··· RECORDS TO PROCESS

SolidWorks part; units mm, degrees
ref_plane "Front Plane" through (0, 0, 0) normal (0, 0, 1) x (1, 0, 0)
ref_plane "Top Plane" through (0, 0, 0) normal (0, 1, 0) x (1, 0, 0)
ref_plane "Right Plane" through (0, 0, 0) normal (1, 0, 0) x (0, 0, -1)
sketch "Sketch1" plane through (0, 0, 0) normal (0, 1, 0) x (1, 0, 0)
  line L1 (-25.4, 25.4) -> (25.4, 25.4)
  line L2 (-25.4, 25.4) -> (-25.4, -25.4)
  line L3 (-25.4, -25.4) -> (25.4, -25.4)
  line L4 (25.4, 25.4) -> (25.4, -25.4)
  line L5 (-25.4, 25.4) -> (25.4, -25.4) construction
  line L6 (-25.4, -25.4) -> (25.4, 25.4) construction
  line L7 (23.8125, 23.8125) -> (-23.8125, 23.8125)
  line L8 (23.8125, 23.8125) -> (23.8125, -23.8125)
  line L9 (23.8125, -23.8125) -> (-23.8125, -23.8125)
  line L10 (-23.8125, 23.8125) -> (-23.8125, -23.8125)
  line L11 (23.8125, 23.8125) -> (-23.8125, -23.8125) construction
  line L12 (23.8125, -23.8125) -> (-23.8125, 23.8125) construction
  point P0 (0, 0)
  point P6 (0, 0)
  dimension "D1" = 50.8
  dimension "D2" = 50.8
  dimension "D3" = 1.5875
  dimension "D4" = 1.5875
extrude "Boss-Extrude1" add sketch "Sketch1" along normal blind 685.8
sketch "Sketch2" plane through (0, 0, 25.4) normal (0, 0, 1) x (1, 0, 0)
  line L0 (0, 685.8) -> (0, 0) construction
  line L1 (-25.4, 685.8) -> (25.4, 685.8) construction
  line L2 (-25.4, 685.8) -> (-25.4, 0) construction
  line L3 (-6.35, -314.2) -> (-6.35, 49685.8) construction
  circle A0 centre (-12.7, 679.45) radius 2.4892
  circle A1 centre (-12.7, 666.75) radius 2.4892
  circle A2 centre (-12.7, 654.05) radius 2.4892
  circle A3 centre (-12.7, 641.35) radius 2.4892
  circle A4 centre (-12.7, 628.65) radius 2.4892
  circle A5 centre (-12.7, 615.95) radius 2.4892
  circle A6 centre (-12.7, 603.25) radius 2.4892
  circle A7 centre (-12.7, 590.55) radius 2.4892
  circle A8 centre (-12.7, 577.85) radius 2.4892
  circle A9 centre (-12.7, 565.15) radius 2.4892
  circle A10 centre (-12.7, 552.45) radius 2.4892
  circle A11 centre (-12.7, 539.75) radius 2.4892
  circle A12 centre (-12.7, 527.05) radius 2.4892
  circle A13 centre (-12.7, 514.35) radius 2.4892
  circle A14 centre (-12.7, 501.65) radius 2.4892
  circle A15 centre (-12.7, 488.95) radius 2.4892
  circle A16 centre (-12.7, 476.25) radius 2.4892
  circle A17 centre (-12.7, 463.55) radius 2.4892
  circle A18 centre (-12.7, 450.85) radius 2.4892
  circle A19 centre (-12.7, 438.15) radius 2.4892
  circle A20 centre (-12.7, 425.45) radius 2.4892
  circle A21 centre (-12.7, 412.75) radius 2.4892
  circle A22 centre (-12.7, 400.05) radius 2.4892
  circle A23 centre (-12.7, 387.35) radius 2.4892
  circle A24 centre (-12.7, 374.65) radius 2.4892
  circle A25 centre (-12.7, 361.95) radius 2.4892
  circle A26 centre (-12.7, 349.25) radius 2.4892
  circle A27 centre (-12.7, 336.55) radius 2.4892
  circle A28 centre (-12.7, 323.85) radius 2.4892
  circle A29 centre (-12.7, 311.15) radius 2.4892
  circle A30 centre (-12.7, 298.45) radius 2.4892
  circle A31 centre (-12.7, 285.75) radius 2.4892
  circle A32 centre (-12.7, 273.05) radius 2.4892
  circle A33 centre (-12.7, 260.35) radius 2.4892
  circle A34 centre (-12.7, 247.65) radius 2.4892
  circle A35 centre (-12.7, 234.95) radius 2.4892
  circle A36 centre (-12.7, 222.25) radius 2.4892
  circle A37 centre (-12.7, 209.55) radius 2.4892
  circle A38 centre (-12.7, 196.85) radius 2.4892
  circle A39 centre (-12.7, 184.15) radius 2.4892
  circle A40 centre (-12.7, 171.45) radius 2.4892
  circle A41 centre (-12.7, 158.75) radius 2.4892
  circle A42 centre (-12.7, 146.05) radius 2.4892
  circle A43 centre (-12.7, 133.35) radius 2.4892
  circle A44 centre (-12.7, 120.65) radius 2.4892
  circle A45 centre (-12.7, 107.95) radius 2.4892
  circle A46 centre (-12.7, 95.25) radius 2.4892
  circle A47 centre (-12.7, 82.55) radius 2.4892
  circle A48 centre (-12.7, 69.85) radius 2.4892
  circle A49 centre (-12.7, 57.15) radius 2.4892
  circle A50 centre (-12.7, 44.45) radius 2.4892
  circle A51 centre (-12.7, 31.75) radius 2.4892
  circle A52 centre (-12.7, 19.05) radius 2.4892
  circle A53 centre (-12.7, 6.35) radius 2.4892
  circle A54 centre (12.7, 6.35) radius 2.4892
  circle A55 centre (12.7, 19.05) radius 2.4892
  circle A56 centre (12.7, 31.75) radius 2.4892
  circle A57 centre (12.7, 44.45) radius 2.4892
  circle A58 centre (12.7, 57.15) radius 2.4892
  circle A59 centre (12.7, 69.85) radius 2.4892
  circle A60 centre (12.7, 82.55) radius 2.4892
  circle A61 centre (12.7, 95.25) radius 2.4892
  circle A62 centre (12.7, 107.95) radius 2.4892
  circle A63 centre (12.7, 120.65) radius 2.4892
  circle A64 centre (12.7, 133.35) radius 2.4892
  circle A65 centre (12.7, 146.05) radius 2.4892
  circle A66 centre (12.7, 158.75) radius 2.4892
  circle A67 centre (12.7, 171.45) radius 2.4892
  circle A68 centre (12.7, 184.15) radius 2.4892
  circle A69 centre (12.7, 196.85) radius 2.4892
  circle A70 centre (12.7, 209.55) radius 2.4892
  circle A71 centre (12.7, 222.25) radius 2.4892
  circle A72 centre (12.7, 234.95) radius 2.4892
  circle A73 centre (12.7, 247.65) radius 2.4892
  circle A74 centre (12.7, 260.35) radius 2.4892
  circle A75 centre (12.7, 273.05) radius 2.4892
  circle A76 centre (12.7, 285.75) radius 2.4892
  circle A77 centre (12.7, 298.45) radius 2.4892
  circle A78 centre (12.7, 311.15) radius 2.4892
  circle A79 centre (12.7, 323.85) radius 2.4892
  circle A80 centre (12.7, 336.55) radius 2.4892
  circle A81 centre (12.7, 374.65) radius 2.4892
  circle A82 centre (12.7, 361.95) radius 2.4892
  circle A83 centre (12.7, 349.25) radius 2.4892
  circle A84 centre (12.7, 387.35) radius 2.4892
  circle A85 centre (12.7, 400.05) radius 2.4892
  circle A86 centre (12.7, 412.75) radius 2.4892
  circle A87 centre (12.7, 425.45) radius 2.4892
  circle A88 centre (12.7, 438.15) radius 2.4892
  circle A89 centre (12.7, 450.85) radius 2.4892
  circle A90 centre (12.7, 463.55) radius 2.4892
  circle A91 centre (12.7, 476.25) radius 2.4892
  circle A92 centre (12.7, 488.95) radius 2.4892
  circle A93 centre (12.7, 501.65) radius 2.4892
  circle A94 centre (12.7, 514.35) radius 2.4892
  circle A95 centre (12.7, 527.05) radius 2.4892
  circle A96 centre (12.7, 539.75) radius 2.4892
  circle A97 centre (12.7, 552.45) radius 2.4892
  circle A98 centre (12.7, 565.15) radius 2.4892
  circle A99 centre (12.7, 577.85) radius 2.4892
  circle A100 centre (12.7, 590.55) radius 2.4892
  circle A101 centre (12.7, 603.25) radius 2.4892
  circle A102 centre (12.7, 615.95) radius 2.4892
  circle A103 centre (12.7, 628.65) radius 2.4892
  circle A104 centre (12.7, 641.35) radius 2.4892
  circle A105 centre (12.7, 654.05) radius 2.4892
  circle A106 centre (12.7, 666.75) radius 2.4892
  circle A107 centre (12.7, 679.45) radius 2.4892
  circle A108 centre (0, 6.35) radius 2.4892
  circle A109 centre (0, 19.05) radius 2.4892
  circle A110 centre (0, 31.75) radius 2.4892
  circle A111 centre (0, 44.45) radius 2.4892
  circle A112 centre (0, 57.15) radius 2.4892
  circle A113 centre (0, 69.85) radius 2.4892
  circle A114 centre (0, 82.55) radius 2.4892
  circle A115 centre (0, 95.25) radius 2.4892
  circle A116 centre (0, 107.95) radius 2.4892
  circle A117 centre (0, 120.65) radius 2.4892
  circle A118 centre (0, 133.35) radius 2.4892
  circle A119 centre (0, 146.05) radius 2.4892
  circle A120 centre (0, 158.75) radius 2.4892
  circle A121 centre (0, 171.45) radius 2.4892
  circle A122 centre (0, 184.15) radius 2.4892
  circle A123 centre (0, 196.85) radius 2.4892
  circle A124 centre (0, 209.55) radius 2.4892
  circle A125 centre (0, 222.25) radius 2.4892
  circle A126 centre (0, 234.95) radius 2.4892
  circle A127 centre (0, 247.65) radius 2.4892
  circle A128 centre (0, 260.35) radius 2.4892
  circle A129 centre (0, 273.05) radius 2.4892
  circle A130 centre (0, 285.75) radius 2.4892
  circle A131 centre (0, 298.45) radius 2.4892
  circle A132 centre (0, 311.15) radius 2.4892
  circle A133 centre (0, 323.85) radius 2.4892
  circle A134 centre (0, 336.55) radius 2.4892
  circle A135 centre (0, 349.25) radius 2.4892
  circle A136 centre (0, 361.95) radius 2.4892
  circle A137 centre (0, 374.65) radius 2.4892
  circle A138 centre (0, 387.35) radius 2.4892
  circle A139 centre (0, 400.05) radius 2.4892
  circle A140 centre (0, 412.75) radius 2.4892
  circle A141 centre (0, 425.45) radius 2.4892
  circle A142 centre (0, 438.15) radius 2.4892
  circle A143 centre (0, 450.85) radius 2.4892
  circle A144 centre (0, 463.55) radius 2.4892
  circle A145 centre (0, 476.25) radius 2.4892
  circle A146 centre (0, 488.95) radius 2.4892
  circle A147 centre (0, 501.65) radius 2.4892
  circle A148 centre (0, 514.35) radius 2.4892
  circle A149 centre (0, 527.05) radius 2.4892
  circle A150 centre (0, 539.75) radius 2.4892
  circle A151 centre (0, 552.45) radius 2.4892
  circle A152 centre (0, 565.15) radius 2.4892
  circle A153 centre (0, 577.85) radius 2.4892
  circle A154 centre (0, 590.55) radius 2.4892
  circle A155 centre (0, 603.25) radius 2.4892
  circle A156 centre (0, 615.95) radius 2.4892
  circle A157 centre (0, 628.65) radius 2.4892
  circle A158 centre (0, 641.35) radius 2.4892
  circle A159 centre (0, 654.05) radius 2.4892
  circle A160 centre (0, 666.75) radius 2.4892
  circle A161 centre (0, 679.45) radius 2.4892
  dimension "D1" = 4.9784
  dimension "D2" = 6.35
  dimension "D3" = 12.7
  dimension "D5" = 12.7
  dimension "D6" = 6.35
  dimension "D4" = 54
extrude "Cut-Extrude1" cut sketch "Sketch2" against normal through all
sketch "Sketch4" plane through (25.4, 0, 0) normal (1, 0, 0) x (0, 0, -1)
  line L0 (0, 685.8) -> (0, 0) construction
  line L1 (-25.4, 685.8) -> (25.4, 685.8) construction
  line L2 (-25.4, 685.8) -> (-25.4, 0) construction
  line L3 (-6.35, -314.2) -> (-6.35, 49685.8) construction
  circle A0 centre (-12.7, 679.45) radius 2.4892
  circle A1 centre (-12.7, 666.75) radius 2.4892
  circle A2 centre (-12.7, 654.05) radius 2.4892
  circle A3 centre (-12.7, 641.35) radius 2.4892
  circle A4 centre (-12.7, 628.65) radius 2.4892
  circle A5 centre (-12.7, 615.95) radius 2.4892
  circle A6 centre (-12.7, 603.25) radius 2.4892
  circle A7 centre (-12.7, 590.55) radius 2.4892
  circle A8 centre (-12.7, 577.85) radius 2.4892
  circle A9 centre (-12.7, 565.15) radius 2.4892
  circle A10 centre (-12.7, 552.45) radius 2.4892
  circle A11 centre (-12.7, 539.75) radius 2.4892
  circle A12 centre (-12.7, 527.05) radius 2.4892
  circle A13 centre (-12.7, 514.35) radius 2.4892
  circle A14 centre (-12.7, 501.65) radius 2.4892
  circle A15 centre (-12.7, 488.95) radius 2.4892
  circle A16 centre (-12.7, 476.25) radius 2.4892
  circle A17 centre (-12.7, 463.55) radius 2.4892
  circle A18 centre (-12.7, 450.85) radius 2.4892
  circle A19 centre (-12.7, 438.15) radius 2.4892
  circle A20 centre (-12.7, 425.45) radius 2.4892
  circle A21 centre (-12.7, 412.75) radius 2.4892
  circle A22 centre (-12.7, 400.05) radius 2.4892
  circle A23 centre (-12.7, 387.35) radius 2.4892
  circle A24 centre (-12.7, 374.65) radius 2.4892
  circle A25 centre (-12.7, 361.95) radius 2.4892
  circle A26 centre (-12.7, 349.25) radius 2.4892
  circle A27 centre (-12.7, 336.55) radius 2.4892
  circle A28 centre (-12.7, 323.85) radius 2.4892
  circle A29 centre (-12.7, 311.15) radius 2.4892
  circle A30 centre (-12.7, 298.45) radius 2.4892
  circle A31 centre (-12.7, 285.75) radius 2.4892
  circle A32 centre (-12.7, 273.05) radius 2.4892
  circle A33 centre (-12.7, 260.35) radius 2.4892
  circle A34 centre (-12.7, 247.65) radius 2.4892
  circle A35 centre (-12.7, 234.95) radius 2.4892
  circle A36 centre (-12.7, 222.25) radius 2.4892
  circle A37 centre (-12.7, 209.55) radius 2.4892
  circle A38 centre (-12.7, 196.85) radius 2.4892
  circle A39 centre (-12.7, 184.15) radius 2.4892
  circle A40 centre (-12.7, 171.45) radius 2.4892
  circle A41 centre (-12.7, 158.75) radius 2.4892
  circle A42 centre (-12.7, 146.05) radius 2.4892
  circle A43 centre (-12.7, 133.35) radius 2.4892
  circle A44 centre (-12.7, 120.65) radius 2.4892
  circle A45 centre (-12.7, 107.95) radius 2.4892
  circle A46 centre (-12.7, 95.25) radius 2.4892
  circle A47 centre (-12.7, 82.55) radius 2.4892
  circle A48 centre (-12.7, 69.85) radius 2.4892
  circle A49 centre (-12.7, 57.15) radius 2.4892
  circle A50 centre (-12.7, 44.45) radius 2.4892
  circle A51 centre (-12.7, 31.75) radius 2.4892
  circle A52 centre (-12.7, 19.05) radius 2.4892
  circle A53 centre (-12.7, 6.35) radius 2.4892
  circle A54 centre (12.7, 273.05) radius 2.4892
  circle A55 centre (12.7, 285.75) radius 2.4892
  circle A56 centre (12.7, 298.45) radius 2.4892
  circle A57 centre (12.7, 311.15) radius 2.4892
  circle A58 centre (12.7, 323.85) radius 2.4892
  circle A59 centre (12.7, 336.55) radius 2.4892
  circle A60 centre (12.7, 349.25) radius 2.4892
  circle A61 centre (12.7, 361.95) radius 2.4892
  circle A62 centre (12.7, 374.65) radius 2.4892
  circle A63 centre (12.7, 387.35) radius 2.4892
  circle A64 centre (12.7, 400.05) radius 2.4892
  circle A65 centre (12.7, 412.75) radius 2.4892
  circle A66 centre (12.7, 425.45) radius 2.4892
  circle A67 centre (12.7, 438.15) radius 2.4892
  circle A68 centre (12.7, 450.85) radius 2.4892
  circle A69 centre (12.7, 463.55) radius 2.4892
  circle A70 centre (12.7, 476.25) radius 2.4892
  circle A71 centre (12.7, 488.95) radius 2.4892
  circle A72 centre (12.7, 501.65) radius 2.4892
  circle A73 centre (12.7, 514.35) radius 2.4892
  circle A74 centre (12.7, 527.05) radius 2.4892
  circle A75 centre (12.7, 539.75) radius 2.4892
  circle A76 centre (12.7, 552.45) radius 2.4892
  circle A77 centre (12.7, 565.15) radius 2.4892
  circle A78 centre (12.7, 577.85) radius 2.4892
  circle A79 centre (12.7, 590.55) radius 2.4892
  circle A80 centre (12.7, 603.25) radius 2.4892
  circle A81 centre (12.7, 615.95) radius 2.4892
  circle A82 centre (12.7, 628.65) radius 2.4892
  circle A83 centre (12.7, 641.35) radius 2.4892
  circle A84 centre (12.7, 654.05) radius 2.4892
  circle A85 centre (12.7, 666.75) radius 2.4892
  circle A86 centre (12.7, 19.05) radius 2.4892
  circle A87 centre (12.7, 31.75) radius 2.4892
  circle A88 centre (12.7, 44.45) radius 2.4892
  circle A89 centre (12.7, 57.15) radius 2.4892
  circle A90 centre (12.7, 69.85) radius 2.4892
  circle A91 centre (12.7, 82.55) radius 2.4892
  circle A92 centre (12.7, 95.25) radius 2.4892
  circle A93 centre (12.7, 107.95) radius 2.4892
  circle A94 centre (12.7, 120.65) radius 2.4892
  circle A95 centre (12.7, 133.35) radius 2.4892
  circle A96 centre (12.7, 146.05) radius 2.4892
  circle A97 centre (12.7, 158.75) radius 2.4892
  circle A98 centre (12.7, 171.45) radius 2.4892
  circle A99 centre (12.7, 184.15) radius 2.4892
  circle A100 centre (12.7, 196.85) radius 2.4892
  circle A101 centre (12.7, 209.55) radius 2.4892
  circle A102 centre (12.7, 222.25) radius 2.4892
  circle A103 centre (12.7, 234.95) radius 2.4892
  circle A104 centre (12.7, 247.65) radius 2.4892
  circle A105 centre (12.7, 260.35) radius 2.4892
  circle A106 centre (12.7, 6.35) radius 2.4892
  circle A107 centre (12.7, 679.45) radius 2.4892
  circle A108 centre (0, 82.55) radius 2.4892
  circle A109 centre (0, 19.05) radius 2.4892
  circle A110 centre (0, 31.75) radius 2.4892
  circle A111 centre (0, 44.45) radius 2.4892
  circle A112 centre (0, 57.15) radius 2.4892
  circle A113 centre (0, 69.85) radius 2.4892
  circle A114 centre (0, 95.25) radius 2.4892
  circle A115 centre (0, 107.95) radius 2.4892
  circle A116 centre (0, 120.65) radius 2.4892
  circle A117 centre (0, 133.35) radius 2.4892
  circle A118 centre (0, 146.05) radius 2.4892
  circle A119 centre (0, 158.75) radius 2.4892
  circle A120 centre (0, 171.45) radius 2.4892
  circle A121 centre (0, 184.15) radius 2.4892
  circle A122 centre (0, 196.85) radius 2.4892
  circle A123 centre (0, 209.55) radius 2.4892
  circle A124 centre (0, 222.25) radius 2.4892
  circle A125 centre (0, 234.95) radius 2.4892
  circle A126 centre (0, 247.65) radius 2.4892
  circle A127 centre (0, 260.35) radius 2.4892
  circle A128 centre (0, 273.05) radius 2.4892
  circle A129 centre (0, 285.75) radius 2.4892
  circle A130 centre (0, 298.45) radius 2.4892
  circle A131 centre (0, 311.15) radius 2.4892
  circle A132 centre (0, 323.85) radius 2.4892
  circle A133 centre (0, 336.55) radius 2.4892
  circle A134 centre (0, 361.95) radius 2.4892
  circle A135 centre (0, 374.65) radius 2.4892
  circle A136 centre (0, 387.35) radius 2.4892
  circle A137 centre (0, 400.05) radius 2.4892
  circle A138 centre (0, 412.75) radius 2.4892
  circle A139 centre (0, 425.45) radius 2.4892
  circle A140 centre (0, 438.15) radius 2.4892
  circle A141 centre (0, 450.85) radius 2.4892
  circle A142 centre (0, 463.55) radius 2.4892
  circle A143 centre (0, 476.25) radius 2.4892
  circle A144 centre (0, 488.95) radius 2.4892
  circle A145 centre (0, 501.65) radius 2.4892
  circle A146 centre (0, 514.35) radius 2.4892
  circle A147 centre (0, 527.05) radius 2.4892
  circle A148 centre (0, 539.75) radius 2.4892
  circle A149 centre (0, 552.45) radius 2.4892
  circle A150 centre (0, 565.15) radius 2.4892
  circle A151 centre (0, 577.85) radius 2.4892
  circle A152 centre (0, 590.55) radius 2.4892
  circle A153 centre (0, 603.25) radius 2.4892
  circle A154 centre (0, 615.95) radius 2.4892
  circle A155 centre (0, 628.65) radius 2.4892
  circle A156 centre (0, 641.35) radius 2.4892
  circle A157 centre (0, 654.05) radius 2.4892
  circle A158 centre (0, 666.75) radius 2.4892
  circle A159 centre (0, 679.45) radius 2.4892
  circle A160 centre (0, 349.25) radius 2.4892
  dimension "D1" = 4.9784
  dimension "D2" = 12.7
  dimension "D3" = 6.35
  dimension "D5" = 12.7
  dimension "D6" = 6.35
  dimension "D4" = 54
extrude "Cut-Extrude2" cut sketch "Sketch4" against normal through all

······

> _WORK INSTRUCTIONS_: Give again, word for word, the records from their first line to the one with "(0, 0, 0) normal (1, 0, 0)", and leave out all else.

> _EXPECTED OUTPUT_:
SolidWorks part; units mm, degrees
ref_plane "Front Plane" through (0, 0, 0) normal (0, 0, 1) x (1, 0, 0)
ref_plane "Top Plane" through (0, 0, 0) normal (0, 1, 0) x (1, 0, 0)
ref_plane "Right Plane" through (0, 0, 0) normal (1, 0, 0) x (0, 0, -1)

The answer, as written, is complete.